CRITICS SAY U.S. BISHOPS’ NEW ABUSE REGULATIONS LACK LAY INVOLVEMENT

WASHINGTON (DC)
Sojourners Magazine

June 18, 2019

By Greg Williams

“Come, Holy Spirit. Give us the strength to humbly match the courageous witness of those abuse survivors with a boldness of reform for the Church in the United States. This week we continue a journey that will not end until there is not one instance of sexual abuse within our Church.”

With those words, Cardinal Daniel DiNardo of Galveston-Houston, the current president of the U.S. Conference of Catholic Bishops, opened their 2019 General Assembly this week. The most recent revelations about systemic sexual abuse and harassment have lent particular urgency to this attempt to standardize and apply the same standards to bishops as to priests: Theodore McCarrick, former Archbishop of Washington, D.C., was defrocked after credible allegations of abuse and misconduct surfaced, and Michael J. Bransfield, former Bishop of West Virginia, was forced to step down in the fall while under investigation for systemic sexual harassment and corruption, as revealed by the Washington Post.

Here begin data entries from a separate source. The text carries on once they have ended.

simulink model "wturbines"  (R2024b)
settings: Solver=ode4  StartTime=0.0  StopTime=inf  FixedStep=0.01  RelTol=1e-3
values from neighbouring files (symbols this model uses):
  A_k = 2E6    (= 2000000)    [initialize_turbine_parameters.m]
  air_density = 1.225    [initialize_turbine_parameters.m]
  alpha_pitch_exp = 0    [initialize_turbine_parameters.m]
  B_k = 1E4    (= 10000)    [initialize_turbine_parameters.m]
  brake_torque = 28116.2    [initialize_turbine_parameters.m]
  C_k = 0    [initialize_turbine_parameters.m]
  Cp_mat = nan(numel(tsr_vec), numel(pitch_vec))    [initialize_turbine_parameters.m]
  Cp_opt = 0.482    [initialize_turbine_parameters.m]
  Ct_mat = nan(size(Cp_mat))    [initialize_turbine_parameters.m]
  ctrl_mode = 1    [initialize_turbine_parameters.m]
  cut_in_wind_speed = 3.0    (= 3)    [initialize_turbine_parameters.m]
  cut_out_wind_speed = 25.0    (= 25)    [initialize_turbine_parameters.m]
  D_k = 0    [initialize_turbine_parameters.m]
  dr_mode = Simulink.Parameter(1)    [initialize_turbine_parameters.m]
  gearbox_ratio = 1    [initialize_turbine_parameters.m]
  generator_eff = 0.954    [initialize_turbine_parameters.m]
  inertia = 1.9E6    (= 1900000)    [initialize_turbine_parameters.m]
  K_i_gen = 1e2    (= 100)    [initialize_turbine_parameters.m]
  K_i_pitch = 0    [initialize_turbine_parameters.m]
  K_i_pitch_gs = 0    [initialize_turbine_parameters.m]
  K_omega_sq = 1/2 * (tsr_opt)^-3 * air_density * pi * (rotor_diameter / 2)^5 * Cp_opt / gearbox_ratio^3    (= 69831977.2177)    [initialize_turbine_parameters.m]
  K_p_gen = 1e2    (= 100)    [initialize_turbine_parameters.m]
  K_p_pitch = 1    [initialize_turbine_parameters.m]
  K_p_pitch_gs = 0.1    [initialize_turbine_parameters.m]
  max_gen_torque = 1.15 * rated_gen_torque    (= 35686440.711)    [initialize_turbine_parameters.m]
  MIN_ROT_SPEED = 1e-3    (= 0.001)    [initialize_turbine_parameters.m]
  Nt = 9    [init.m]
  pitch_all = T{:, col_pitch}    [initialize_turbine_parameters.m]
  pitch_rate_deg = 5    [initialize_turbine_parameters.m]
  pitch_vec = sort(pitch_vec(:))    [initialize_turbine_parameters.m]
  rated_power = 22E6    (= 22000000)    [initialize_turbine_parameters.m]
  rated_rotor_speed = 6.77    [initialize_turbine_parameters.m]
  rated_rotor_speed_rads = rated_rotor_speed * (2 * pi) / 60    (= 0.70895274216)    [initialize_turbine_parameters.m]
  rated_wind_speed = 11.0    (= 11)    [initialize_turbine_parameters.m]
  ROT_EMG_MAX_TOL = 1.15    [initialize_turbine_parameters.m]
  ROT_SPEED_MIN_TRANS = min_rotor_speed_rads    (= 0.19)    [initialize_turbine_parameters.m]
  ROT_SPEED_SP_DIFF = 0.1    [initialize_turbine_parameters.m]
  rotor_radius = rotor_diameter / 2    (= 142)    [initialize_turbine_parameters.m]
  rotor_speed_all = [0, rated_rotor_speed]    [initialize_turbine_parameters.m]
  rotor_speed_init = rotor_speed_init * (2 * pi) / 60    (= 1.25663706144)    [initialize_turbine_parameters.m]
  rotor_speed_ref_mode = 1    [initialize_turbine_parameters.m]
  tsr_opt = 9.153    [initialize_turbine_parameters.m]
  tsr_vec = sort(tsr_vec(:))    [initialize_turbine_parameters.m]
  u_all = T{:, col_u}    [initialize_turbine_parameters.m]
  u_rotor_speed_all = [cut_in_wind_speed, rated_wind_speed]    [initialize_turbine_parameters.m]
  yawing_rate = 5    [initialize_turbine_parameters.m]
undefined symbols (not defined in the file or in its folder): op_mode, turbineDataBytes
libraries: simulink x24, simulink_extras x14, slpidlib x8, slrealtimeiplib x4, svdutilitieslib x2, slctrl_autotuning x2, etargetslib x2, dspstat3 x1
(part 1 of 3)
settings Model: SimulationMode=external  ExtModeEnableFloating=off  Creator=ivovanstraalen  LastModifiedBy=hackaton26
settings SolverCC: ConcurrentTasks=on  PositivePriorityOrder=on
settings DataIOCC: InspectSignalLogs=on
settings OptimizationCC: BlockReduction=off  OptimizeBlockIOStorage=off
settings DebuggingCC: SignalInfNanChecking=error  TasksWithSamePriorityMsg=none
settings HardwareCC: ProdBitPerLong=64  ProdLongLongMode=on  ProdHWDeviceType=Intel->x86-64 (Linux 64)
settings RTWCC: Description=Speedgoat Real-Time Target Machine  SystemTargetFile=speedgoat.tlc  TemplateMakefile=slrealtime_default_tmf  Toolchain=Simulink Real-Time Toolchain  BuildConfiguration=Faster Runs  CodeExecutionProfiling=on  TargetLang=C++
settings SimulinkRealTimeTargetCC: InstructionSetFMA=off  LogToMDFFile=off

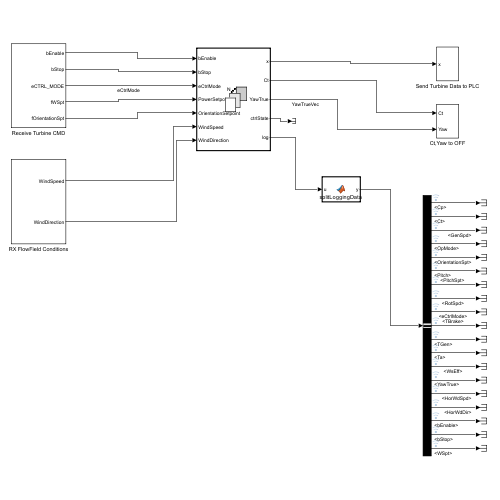
[thumbnail: Simulink's stored preview of the top-level diagram]
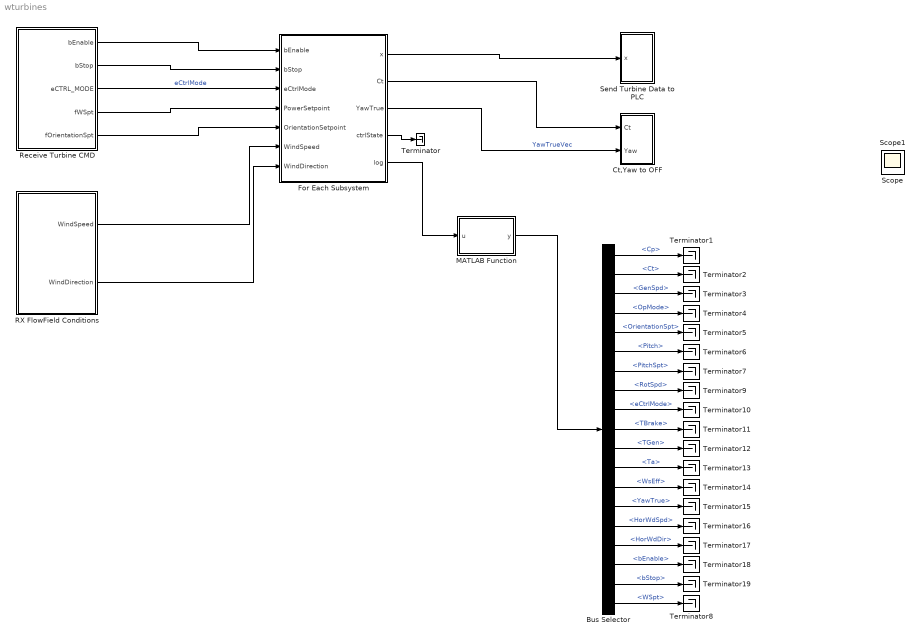
== system wturbines ==
  Bus Selector : BusSelector  OutputSignals=Cp,Ct,GenSpd,OpMode,OrientationSpt,Pitch,PitchSpt,RotSpd,eCtrlMode,TBrake,TGen,Ta,WsEff,YawTrue,HorWdSpd,HorWdDir,bEnable,bStop,WSpt
  Ct,Yaw to OFF : Subsystem
  For Each Subsystem : Subsystem  TreatAsAtomicUnit=on
  MATLAB Function : MATLAB Function  TreatAsAtomicUnit=on
  RX FlowField Conditions : Subsystem
  Receive Turbine CMD : Subsystem
  Send Turbine Data to PLC : Subsystem
  Terminator{,1..19} (20 alike) : Terminator
  Scope : Scope
  Scope1 : Scope
  wires:
  For Each Subsystem/1(x) -> Send Turbine Data to PLC/1(x)
  Receive Turbine CMD/1(bEnable) -> For Each Subsystem/1(bEnable)
  Receive Turbine CMD/4(fWSpt) -> For Each Subsystem/4(PowerSetpoint)
  Receive Turbine CMD/5(fOrientationSpt) -> For Each Subsystem/5(OrientationSetpoint)
  For Each Subsystem/2(Ct) -> Ct,Yaw to OFF/1(Ct)
  For Each Subsystem/3(YawTrue) -> Ct,Yaw to OFF/2(Yaw)  "YawTrueVec"
  RX FlowField Conditions/1(WindSpeed) -> For Each Subsystem/6(WindSpeed)
  RX FlowField Conditions/2(WindDirection) -> For Each Subsystem/7(WindDirection)
  Receive Turbine CMD/2(bStop) -> For Each Subsystem/2(bStop)
  Receive Turbine CMD/3(eCTRL_MODE) -> For Each Subsystem/3(eCtrlMode)  "eCtrlMode"
  For Each Subsystem/4(ctrlState) -> Terminator/1
  For Each Subsystem/5(log) -> MATLAB Function/1(u)
  MATLAB Function/1(y) -> Bus Selector/1
  Bus Selector/1 -> Terminator1/1  "<Cp>"
  Bus Selector/2 -> Terminator2/1  "<Ct>"
  Bus Selector/3 -> Terminator3/1  "<GenSpd>"
  Bus Selector/4 -> Terminator4/1  "<OpMode>"
  Bus Selector/5 -> Terminator5/1  "<OrientationSpt>"
  Bus Selector/6 -> Terminator6/1  "<Pitch>"
  Bus Selector/7 -> Terminator7/1  "<PitchSpt>"
  Bus Selector/8 -> Terminator9/1  "<RotSpd>"
  Bus Selector/9 -> Terminator10/1  "<eCtrlMode>"
  Bus Selector/10 -> Terminator11/1  "<TBrake>"
  Bus Selector/11 -> Terminator12/1  "<TGen>"
  Bus Selector/12 -> Terminator13/1  "<Ta>"
  Bus Selector/13 -> Terminator14/1  "<WsEff>"
  Bus Selector/14 -> Terminator15/1  "<YawTrue>"
  Bus Selector/15 -> Terminator16/1  "<HorWdSpd>"
  Bus Selector/16 -> Terminator17/1  "<HorWdDir>"
  Bus Selector/17 -> Terminator18/1  "<bEnable>"
  Bus Selector/18 -> Terminator19/1  "<bStop>"
  Bus Selector/19 -> Terminator8/1  "<WSpt>"

== system wturbines/Ct,Yaw to OFF ==
  Ct : Inport
  Yaw : Inport  Port=2
  Byte Pack1 : svdutilitieslib/Byte Pack  maskPackedDataType=uint8  datatypes={'single'}  byteAlign=1  blockPlatform=tic2000
      settings: LibrarySourceBlock=c2000lib/Target Communication/Byte Pack
  Constant1 : Constant  Value=Nt * 2*4
  Data Type Conversion : DataTypeConversion  OutDataTypeStr=single  SaturateOnIntegerOverflow=off  RndMeth=Floor
  Mux : Mux  Inputs=2
  Rate Transition : RateTransition
  UDP Send1 : slrealtimeiplib/UDP Send  useHostTargetConn=off  toAddress=pcIP  toPort=pcRXport  sampleTime=Ts_FF  enableMessage=off  ipAddress=localIP  localPort=rtsTXFFport
  wires:
  Data Type Conversion/1 -> Byte Pack1/1
  Constant1/1 -> UDP Send1/2
  Byte Pack1/1 -> UDP Send1/1
  Rate Transition/1 -> Data Type Conversion/1
  Yaw/1 -> Mux/2
  Ct/1 -> Mux/1
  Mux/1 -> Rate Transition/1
simulink model "EMT_ML.before_diagnostic_fixes"  (R2024b)
settings: Solver=ode5  StartTime=0.0  StopTime=200  FixedStep=0.002  RelTol=1e-3
model workspace (MAT data in the model file):
  A = 7.3
  B = 2.71
  C0_shift = 200
  C1_shift = 200
  C2_shift = 200
  Cb = 70
  Cd = 0.6
  EMSInputBus : Simulink.Bus (value not decoded)
  Fb_max = 247500
  JA = 0.4
  JB = 0.4
  JZ = 0.4
  Jc1r2 = 0.01
  Jc3r4 = 0.01
  Jc4 = 0.01
  Je = 2.5
  Jh = 0.01
  Jq1 = 0.01
  Jq2 = 0.01
  Jr1 = 0.01
  Jr3s4 = 0.01
  Js123 = 0.01
  L = 4.472
  NE = [1600 1600 1600 1600 1600 1600 1600 1600 1600 1600 1600 1600 ... (840 elements, 30x28)]
  N_Te = 30
  N_ne = 28
  PE = [0 100.366530527 133.710336161 167.221698607 195.706356687 221.845219395 250.497434286 278.144308305 305.288511886 330.086920096 352.87464656 374.489475338 ... (840 elements, 30x28)]
  PN0 = 0
  Pb_epr = [-45 -45 -40 -30 0 30 40 45 45]
  Pb_max = [0 40 45 45 45]
  Pb_min = [-45 -45 -45 -40 0]
  Pe_ass = 230
  Pe_max = 1103
  Peg = [0 100 120 140 160 180 200 220 240 260 280 300 ... (53 elements, 1x53)]
  R_map = [0.09 0.089 0.09 0.091 0.092 0.093 0.094 0.095 0.096 0.097 0.098]
  SF_C0 = 1.5
  SF_C1 = 1.5
  SF_C2 = 1.5
  SF_Z1 = 1.5
  SF_Z2 = 1.5
  SF_ZD = 1.5
  SOC0 = 60
  SOC_epr = [30 31 50 59 60 61 70 79 80]
  SOC_map = [0 10 20 30 40 50 60 70 80 90 100]
  TA_max_map = [588.855 593.803361345 598.83559322 603.953846154 609.160344828 614.457391304 619.847368421 625.332743363 630.916071429 636.6 642.387272727 648.280733945 ... (115 elements, 1x115)]
  TA_min_map = [-588.855 -593.803361345 -598.83559322 -603.953846154 -609.160344828 -614.457391304 -619.847368421 -625.332743363 -630.916071429 -636.6 -642.387272727 -648.280733945 ... (115 elements, 1x115)]
  TAf = 0
  TB_max_map = [588.855 593.803361345 598.83559322 603.953846154 609.160344828 614.457391304 619.847368421 625.332743363 630.916071429 636.6 642.387272727 648.280733945 ... (115 elements, 1x115)]
  TB_min_map = [-588.855 -593.803361345 -598.83559322 -603.953846154 -609.160344828 -614.457391304 -619.847368421 -625.332743363 -630.916071429 -636.6 -642.387272727 -648.280733945 ... (115 elements, 1x115)]
  TBf = 0
  TE = [0 599 798 998 1168 1324 1495 1660 1822 1970 2106 2235 ... (840 elements, 30x28)]
  TS_A = 0.2
  TS_B = 0.2
  TS_C0 = 0.2
  TS_C1 = 0.2
  TS_C2 = 0.2
  TS_Z = 0.2
  TS_Z1 = 0.2
  TS_Z2 = 0.2
  TS_ZD = 0.2
  TZ_max_map = [537.13125 540.509433962 543.930379747 547.394904459 550.903846154 554.458064516 558.058441558 561.705882353 565.401315789 569.145695364 572.94 576.785234899 ... (131 elements, 1x131)]
  TZ_min_map = [-537.13125 -540.509433962 -543.930379747 -547.394904459 -550.903846154 -554.458064516 -558.058441558 -561.705882353 -565.401315789 -569.145695364 -572.94 -576.785234899 ... (131 elements, 1x131)]
  TZf = 0
  T_generator = [0 185 493.333333333 801.666666667 1110 1418.33333333 1726.66666667]
  T_motor = [0 185 493.333333333 801.666666667 1110 1418.33333333 1726.66666667]
  Te_map = [0 599 798 998 1168 1324 1495 1660 1822 1970 2106 2235 ... (30 elements, 1x30)]
  Te_max = 2754
  Te_max_map = [1168 1324 1495 1660 1822 1970 2106 2235 2355 2458 2543 2606 ... (28 elements, 1x28)]
  Te_start = 1600
  Tef = 100
  Teg = [0 596.8125 636.6 718.741935484 799.916230366 859.41 954.422788606 954.9 996.417391304 1078.98305085 1114.05 1169.26530612 ... (53 elements, 1x53)]
  Temax = 998
  Time = [0 0.1 0.2 0.3 0.4 0.5 0.6 0.7 0.8 0.9 1 1.1 ... (2001 elements, 1x2001)]
  Time_ele = [0 4 8 12 16 20 24 28 32 36 40 44 ... (401 elements, 1x401)]
  Time_fg = [0 2 4 6 8 10 12 14 16 18 20 22 ... (801 elements, 1x801)]
  Tmax_C0 = 2754
  Tmax_C1 = 3505.25455609
  Tmax_C2 = 3505.25455609
  Tmax_Z1 = 5584.80955498
  Tmax_Z2 = 16307.6439005
  Tmax_ZD = 3855.6
  Ts_e = 0.1
  Uoc_map = [814.5 917 933.25 945.75 958.25 969.25 978 985.25 993.25 1003.25 1050]
  V_Shift12 = 32
  V_Shift21 = 25
  V_Start = 10
  Voltage0 = 900
  Voltage_epr = [750 760 900 1000 1050]
  Y_engine = 0.955
  Yc = 0.98
  Yh = 0.96
  Yo = 0.92
  Yq = 0.94
  Z1_shift = 200
  Z2_shift = 200
  a11 = 1.54241568346
  a11_L = 1.54241568346
  a12 = -3.86074191629
  a12_L = 2.43173643789
  a21 = -1.04963112005
  a22 = 2.46948356808
  b11 = 0
  b11_L = 0
  b12 = 3.33
  b12_L = 7.8036
  b21 = 2.23571428571
  b22 = -2.13
  c11 = -0.648333656565
  c12 = 0
  c21 = -0.648333656565
  c22 = 0.680511182109
  controller_id = 1
  controller_name = 'Existing heuristic-grid EMS'
  cycle_grade = [0 0 0 0 0 0 0 0 0 0 0 0 ... (2001 elements, 1x2001)]
  cycle_road = [0.045 0.045 0.045 0.045 0.045 0.045 0.045 0.045 0.045 0.045 0.045 0.045 ... (2001 elements, 1x2001)]
  cycle_steering = [0 0 0 0 0 0 0 0 0 0 0 0 ... (2001 elements, 1x2001)]
  cycle_time = [0 0.1 0.2 0.3 0.4 0.5 0.6 0.7 0.8 0.9 1 1.1 ... (2001 elements, 1x2001)]
  d11 = -0.751666343435
  d12 = 0.3003003003
  d21 = -0.751666343435
  d22 = 0.319488817891
  e11 = -1.54241568346
  e12 = 0
  e21 = 1.04963112005
  e22 = -2.23571428571
  eff_generator = [0.8 0.8 0.79 0.79 0.76 0.74 0.72 0.8 0.85 0.88 0.85 0.8 ... (84 elements, 7x12)]
  eff_motor = [0.8 0.8 0.79 0.79 0.76 0.74 0.72 0.8 0.85 0.88 0.85 0.8 ... (84 elements, 7x12)]
  ele_map = [10 11.46 14.13 19.24 20.94 23.21 20.29 20.23 22.28 17.66 16.24 18.95 ... (401 elements, 1x401)]
  ems_runtime_config : object (value not decoded)
  f11 = -3.86074191629
  f12 = 3.33
  f21 = 2.46948356808
  f22 = -2.13
  fg = 0.045
  fg_map = [0.0125 0.0215 0.0332 0.0452 0.0525 0.0589 0.0584 0.0592 0.0621 0.0576 0.055 0.0572 ... (801 elements, 1x801)]
  fuel_gpkwh = [269.874826377 269.874826377 260.084605263 254.895150301 249.802821062 244.062054381 234.972466555 226.630558735 223.93243551 227.612775381 231.379615385 228.983738255 ... (840 elements, 30x28)]
  fuel_map = [269.874826377 269.874826377 260.084605263 254.895150301 249.802821062 244.062054381 234.972466555 226.630558735 223.93243551 227.612775381 231.379615385 228.983738255 ... (840 elements, 30x28)]
  fuel_map_N = [269.874826377 269.874826377 260.084605263 254.895150301 249.802821062 nan nan nan nan nan nan nan ... (840 elements, 30x28)]
  i = 28
  ic = 4.42
  iq = 1.4
  it = 4
  j = 30
  k1 = 2.13
  k2 = 2.13
  k3 = 2.33
  k4 = 1.92
  kh = 2.88
  kq = 2.17
  kt = 1.83
  mass = 45000
  miu_max = 0.8
  nA_map = [-6000 -5950 -5900 -5850 -5800 -5750 -5700 -5650 -5600 -5550 -5500 -5450 ... (115 elements, 1x115)]
  nA_max = 6000
  nA_min = -6000
  nB_map = [-6000 -5950 -5900 -5850 -5800 -5750 -5700 -5650 -5600 -5550 -5500 -5450 ... (115 elements, 1x115)]
  nB_max = 6000
  nB_min = -6000
  nB_start = 0
  nZ_map = [-8000 -7950 -7900 -7850 -7800 -7750 -7700 -7650 -7600 -7550 -7500 -7450 ... (131 elements, 1x131)]
  nZ_max = 8000
  nZ_min = -8000
  n_generator = [0 318.5 796.25 1274 1751.75 2229.5 2707.25 3185 3662.75 4140.5 4618.25 7007]
  n_motor = [0 318.5 796.25 1274 1751.75 2229.5 2707.25 3185 3662.75 4140.5 4618.25 7007]
  ne_idl = 3000
  ne_map = [1600 1700 1800 1900 2000 2100 2200 2300 2400 2500 2600 2700 ... (28 elements, 1x28)]
  ne_max = 4200
  ne_min = 1600
  ne_start = 200
  neg = [1600 1600 1800 1860 1910 2000 2001 2200 2300 2301 2400 2450 ... (53 elements, 1x53)]
  no_Shift12 = 1589.43589002
  no_Shift21 = 1241.74678908
  rz = 0.318
  startup_feedback_delay_s = 0.002
  startup_power_share = 0.5
  startup_speed_regularizer_rpm = 100
  v_cyc = [0 0 0 0 0 0 0 0 0 0 0 0 ... (2001 elements, 1x2001)]
  voltage_HighA = 1050
  voltage_HighB = 1050
  voltage_HighZ = 1050
  voltage_LowA = 750
  voltage_LowB = 750
  voltage_LowZ = 750
symbols that are objects in the model workspace (value not decoded): ems_runtime_config
undefined symbols (not defined in the file or in its folder): sigbuilder_block
libraries: fl_lib x82, nesl_utility x55, simulink x49, sdl_lib x10, simulink_need_slupdate x6, powerlib_extras x1
(part 7 of 7)

== system EMT_ML.before_diagnostic_fixes/Control Unit/Control/Power Distribution/Feasible Control Range/State Calculation/Speed/Z ==
  s : Inport
  ne : Inport  Port=2
  no : Inport  Port=3
  Multiport Switch1 : MultiPortSwitch  Inputs=4  SaturateOnIntegerOverflow=off  InputSameDT=off
  Mux2 : Mux  Inputs=2
  Subsystem2 : Subsystem
  Subsystem3 : Subsystem
  Subsystem4 : Subsystem
  Subsystem5 : Subsystem
  nAnB : Outport
  wires:
  no/1 -> Mux2/2
  ne/1 -> Mux2/1
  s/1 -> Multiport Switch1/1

The new rules the bishops passed did not, despite strong encouragement from advocates inside and outside the Church, mandate independent lay involvement in investigations of bishops. The Conference did overwhelmingly approve a policy stating that laity should be involved in the process of investigations.

Last November, Catholic bishops gathered in Baltimore determined to act on problems raised by gaps in the 2002 “Dallas Charter” for the Protection of Children and Young Adults – most notably that it did not explicitly extend to bishops. Then, as their deliberations were about to begin, they abruptly stopped on the request of the Vatican. There was going to be an international consultation and a new set of rulings from Pope Francis to help the whole Church deal with the sex abuse crisis – even in jurisdictions outside the U.S. where a wave of accusations has not yet hit the Church.

That hope was realized in part with a February gathering in Rome and a motu propio last month from Pope Francis, which spells out new global policies on clergy abuse and cover up. This week, the bishops met in Baltimore again, to set up more stable and better procedures for dealing with abuse from a bishop.

Pope Francis’ motu propio states simply that investigations of bishops may involve lay experts, rather than declaring that they must involve lay experts. The responsibility to investigate lies in the hands of the metropolitan bishop, the head of the local region of bishops (or his assistant bishop in cases of accusations against the metropolitan).

Many activists are skeptical of this model. As Bob Hoatson, president of Road to Recovery and an advocate for survivors of sexual abuse puts it, “I think the Church is inherently incapable of policing itself. It’s only since the attorneys general of the United States have gotten involved in the investigations that we’ve made progress.”

Even lay members of the institutional apparatus of the Church are calling for expanded lay involvement. Dr. Francesco Cesareo, the head of the National Review Board (NRB), which investigates the Church’s compliance with its commitments to fight sexual abuse, puts it this way in his report to the USCCB’s General Assembly: “The NRB remains uncomfortable with allowing bishops to review allegations against other bishops as this essentially means bishops policing bishops. The metropolitan will gain greater credibility if a lay commission is established when allegations come forward to assist in the process as has been the case with lay review boards on the local level.”